## Work instructions
In the copy you make of the entries, no picture should appear, and every word must match.

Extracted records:
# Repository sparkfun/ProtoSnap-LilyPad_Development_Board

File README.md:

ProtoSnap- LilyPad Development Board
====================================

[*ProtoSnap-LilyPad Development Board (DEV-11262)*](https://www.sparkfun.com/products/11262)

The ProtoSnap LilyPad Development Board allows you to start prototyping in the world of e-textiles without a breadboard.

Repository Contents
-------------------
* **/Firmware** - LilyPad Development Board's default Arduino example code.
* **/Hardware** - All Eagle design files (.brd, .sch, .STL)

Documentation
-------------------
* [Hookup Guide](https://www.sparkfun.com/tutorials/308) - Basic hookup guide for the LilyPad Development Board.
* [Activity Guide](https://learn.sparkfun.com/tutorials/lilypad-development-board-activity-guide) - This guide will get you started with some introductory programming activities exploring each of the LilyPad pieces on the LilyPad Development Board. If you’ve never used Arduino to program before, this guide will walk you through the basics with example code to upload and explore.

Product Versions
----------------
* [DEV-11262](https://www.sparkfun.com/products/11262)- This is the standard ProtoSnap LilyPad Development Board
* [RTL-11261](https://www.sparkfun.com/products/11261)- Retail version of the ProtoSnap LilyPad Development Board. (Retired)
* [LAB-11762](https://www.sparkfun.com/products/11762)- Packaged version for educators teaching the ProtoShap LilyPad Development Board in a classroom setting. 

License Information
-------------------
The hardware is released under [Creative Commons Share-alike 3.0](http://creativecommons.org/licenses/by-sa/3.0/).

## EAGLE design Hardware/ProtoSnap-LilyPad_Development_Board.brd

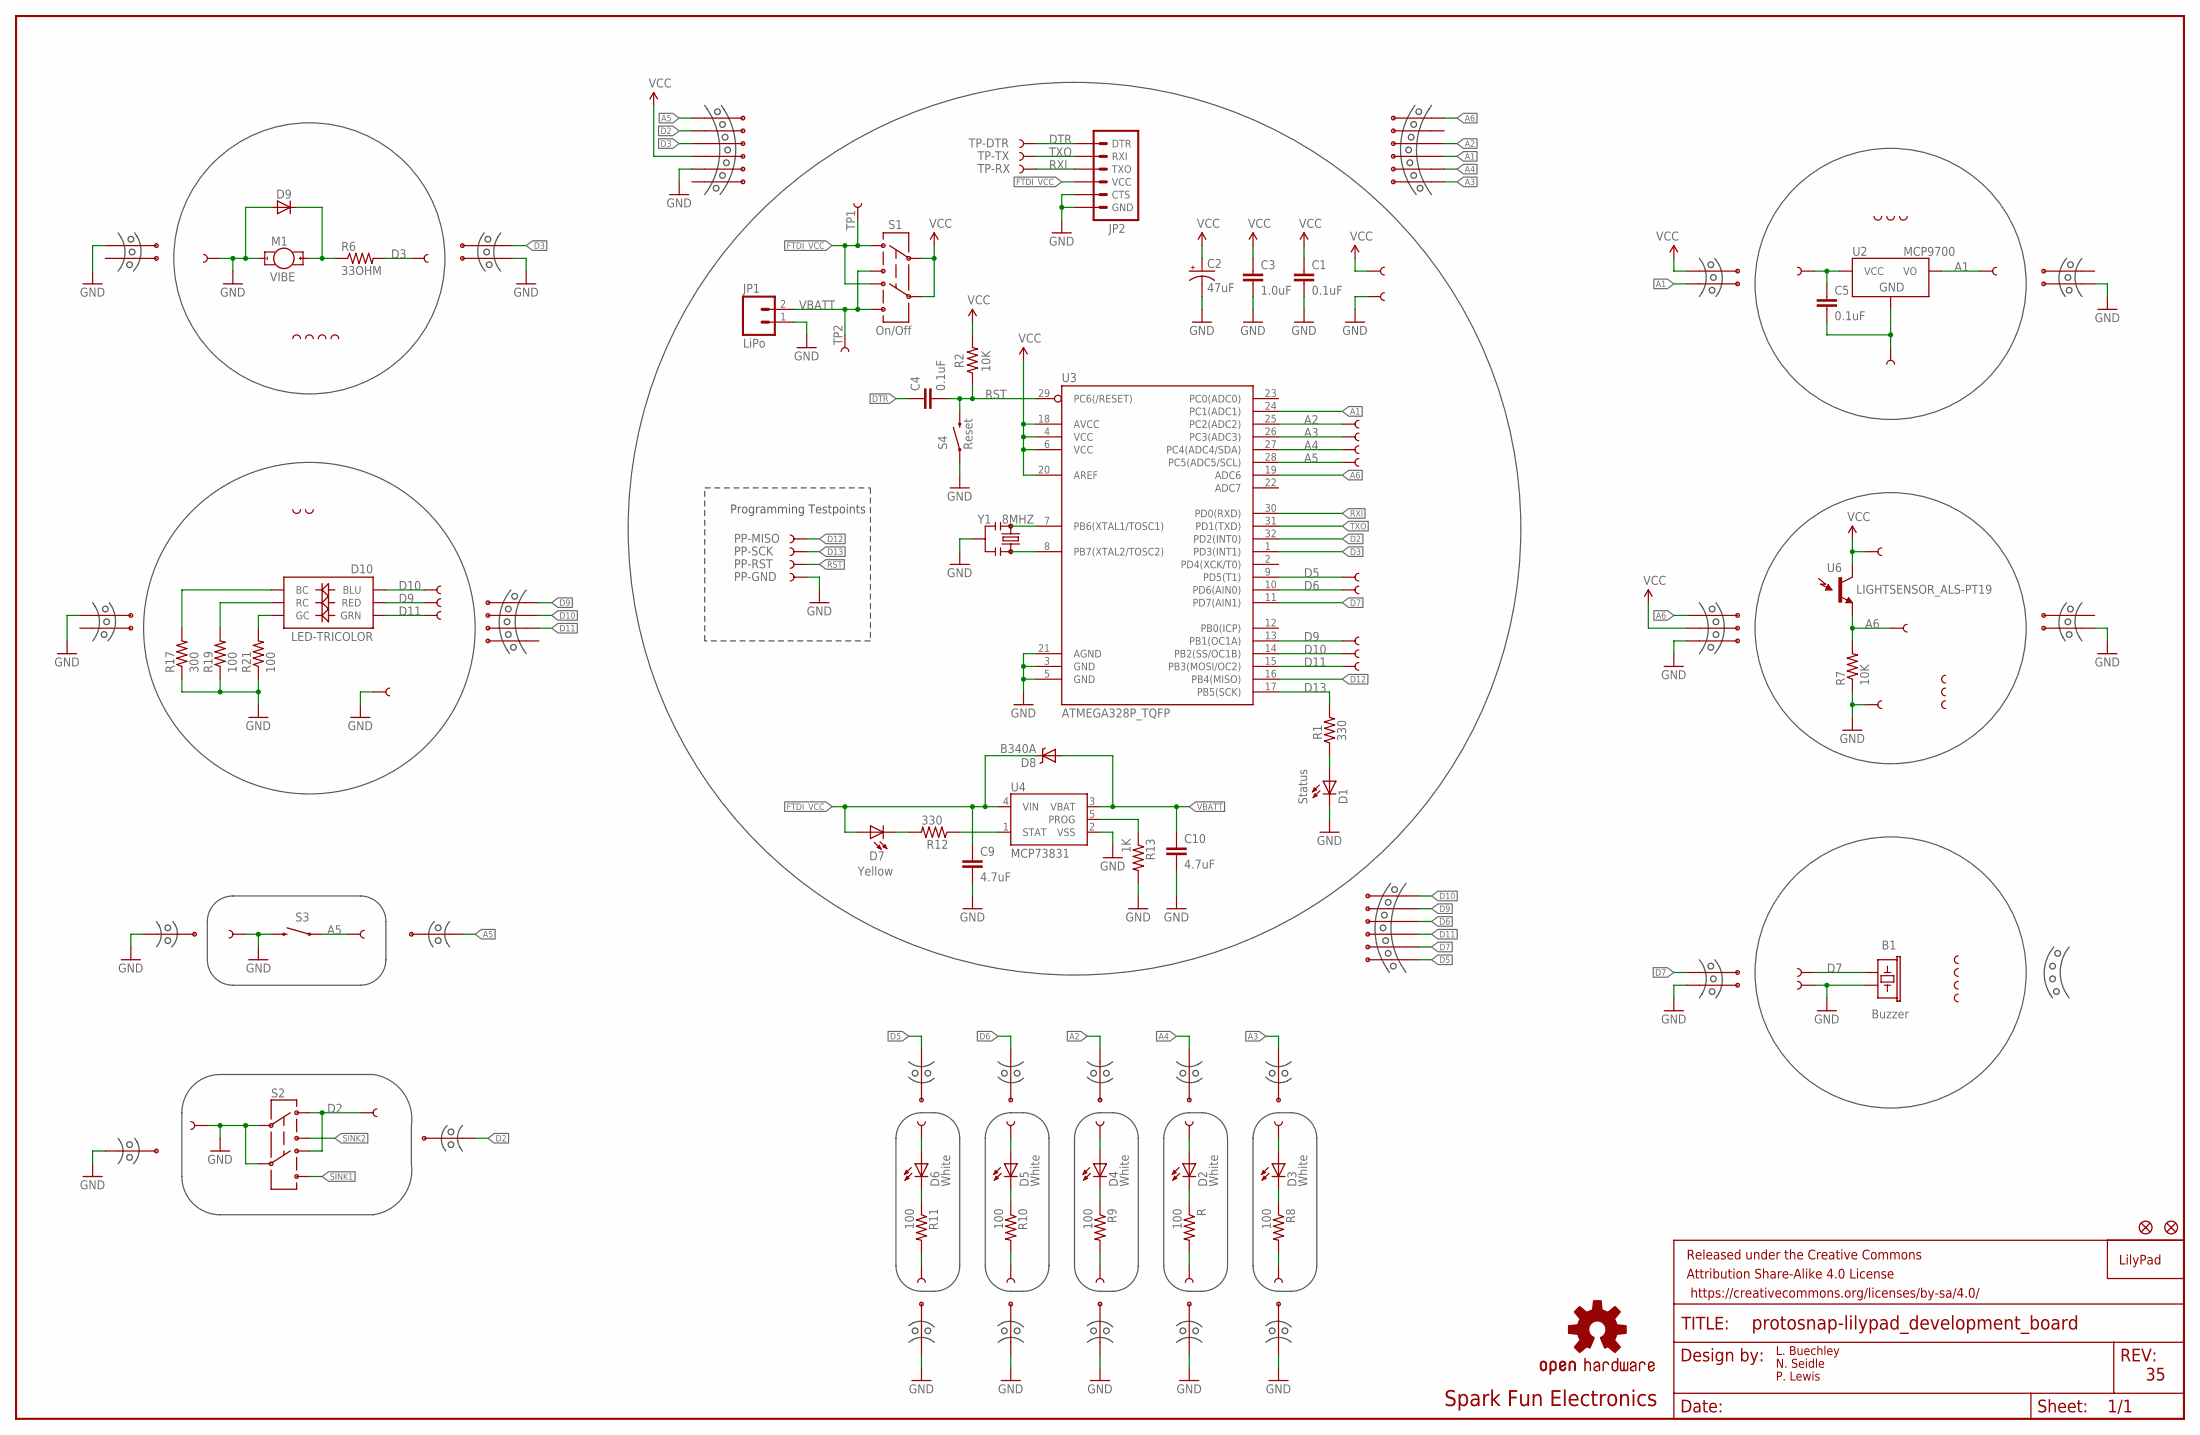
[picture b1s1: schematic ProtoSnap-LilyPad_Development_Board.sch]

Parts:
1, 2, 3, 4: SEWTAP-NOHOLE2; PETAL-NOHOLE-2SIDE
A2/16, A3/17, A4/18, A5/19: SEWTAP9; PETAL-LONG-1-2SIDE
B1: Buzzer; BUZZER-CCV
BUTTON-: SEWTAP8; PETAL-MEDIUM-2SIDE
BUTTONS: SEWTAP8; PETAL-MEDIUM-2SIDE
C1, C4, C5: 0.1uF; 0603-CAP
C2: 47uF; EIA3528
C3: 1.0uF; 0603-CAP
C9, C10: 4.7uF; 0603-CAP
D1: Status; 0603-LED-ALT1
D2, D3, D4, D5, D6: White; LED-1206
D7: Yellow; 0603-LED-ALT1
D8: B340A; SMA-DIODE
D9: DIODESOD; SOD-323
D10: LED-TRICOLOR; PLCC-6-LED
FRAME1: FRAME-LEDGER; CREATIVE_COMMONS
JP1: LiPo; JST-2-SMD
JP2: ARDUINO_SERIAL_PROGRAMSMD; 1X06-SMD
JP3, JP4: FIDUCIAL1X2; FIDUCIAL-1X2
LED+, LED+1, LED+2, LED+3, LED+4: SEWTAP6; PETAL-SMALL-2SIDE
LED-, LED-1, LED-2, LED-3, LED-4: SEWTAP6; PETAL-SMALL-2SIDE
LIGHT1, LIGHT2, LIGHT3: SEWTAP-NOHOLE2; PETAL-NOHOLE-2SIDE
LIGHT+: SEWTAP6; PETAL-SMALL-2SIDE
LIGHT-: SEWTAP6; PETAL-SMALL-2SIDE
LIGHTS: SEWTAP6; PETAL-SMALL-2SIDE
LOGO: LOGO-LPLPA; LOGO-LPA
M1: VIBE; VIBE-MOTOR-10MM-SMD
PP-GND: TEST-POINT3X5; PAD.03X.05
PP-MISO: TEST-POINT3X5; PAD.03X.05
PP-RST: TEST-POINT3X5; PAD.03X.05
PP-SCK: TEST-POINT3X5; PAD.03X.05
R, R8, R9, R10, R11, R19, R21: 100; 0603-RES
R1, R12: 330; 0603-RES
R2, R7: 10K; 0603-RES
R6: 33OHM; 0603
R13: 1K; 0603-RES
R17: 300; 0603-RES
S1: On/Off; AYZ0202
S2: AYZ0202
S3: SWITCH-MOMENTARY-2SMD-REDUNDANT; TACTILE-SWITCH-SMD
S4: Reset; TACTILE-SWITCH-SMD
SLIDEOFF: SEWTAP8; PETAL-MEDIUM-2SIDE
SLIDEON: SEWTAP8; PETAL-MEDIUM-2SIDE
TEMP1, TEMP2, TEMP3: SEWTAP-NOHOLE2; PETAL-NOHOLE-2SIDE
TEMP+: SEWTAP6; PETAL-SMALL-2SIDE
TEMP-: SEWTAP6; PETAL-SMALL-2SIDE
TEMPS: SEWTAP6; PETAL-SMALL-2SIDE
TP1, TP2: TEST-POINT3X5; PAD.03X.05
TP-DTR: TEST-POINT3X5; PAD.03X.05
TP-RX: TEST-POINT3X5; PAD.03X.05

## Task result
# Repository sparkfun/ProtoSnap-LilyPad_Development_Board

File README.md:

ProtoSnap- LilyPad Development Board
====================================

[*ProtoSnap-LilyPad Development Board (DEV-11262)*](https://www.sparkfun.com/products/11262)

The ProtoSnap LilyPad Development Board allows you to start prototyping in the world of e-textiles without a breadboard.

Repository Contents
-------------------
* **/Firmware** - LilyPad Development Board's default Arduino example code.
* **/Hardware** - All Eagle design files (.brd, .sch, .STL)

Documentation
-------------------
* [Hookup Guide](https://www.sparkfun.com/tutorials/308) - Basic hookup guide for the LilyPad Development Board.
* [Activity Guide](https://learn.sparkfun.com/tutorials/lilypad-development-board-activity-guide) - This guide will get you started with some introductory programming activities exploring each of the LilyPad pieces on the LilyPad Development Board. If you’ve never used Arduino to program before, this guide will walk you through the basics with example code to upload and explore.

Product Versions
----------------
* [DEV-11262](https://www.sparkfun.com/products/11262)- This is the standard ProtoSnap LilyPad Development Board
* [RTL-11261](https://www.sparkfun.com/products/11261)- Retail version of the ProtoSnap LilyPad Development Board. (Retired)
* [LAB-11762](https://www.sparkfun.com/products/11762)- Packaged version for educators teaching the ProtoShap LilyPad Development Board in a classroom setting. 

License Information
-------------------
The hardware is released under [Creative Commons Share-alike 3.0](http://creativecommons.org/licenses/by-sa/3.0/).

## EAGLE design Hardware/ProtoSnap-LilyPad_Development_Board.brd

[picture b1s1: schematic ProtoSnap-LilyPad_Development_Board.sch]

Parts:
1, 2, 3, 4: SEWTAP-NOHOLE2; PETAL-NOHOLE-2SIDE
A2/16, A3/17, A4/18, A5/19: SEWTAP9; PETAL-LONG-1-2SIDE
B1: Buzzer; BUZZER-CCV
BUTTON-: SEWTAP8; PETAL-MEDIUM-2SIDE
BUTTONS: SEWTAP8; PETAL-MEDIUM-2SIDE
C1, C4, C5: 0.1uF; 0603-CAP
C2: 47uF; EIA3528
C3: 1.0uF; 0603-CAP
C9, C10: 4.7uF; 0603-CAP
D1: Status; 0603-LED-ALT1
D2, D3, D4, D5, D6: White; LED-1206
D7: Yellow; 0603-LED-ALT1
D8: B340A; SMA-DIODE
D9: DIODESOD; SOD-323
D10: LED-TRICOLOR; PLCC-6-LED
FRAME1: FRAME-LEDGER; CREATIVE_COMMONS
JP1: LiPo; JST-2-SMD
JP2: ARDUINO_SERIAL_PROGRAMSMD; 1X06-SMD
JP3, JP4: FIDUCIAL1X2; FIDUCIAL-1X2
LED+, LED+1, LED+2, LED+3, LED+4: SEWTAP6; PETAL-SMALL-2SIDE
LED-, LED-1, LED-2, LED-3, LED-4: SEWTAP6; PETAL-SMALL-2SIDE
LIGHT1, LIGHT2, LIGHT3: SEWTAP-NOHOLE2; PETAL-NOHOLE-2SIDE
LIGHT+: SEWTAP6; PETAL-SMALL-2SIDE
LIGHT-: SEWTAP6; PETAL-SMALL-2SIDE
LIGHTS: SEWTAP6; PETAL-SMALL-2SIDE
LOGO: LOGO-LPLPA; LOGO-LPA
M1: VIBE; VIBE-MOTOR-10MM-SMD
PP-GND: TEST-POINT3X5; PAD.03X.05
PP-MISO: TEST-POINT3X5; PAD.03X.05
PP-RST: TEST-POINT3X5; PAD.03X.05
PP-SCK: TEST-POINT3X5; PAD.03X.05
R, R8, R9, R10, R11, R19, R21: 100; 0603-RES
R1, R12: 330; 0603-RES
R2, R7: 10K; 0603-RES
R6: 33OHM; 0603
R13: 1K; 0603-RES
R17: 300; 0603-RES
S1: On/Off; AYZ0202
S2: AYZ0202
S3: SWITCH-MOMENTARY-2SMD-REDUNDANT; TACTILE-SWITCH-SMD
S4: Reset; TACTILE-SWITCH-SMD
SLIDEOFF: SEWTAP8; PETAL-MEDIUM-2SIDE
SLIDEON: SEWTAP8; PETAL-MEDIUM-2SIDE
TEMP1, TEMP2, TEMP3: SEWTAP-NOHOLE2; PETAL-NOHOLE-2SIDE
TEMP+: SEWTAP6; PETAL-SMALL-2SIDE
TEMP-: SEWTAP6; PETAL-SMALL-2SIDE
TEMPS: SEWTAP6; PETAL-SMALL-2SIDE
TP1, TP2: TEST-POINT3X5; PAD.03X.05
TP-DTR: TEST-POINT3X5; PAD.03X.05
TP-RX: TEST-POINT3X5; PAD.03X.05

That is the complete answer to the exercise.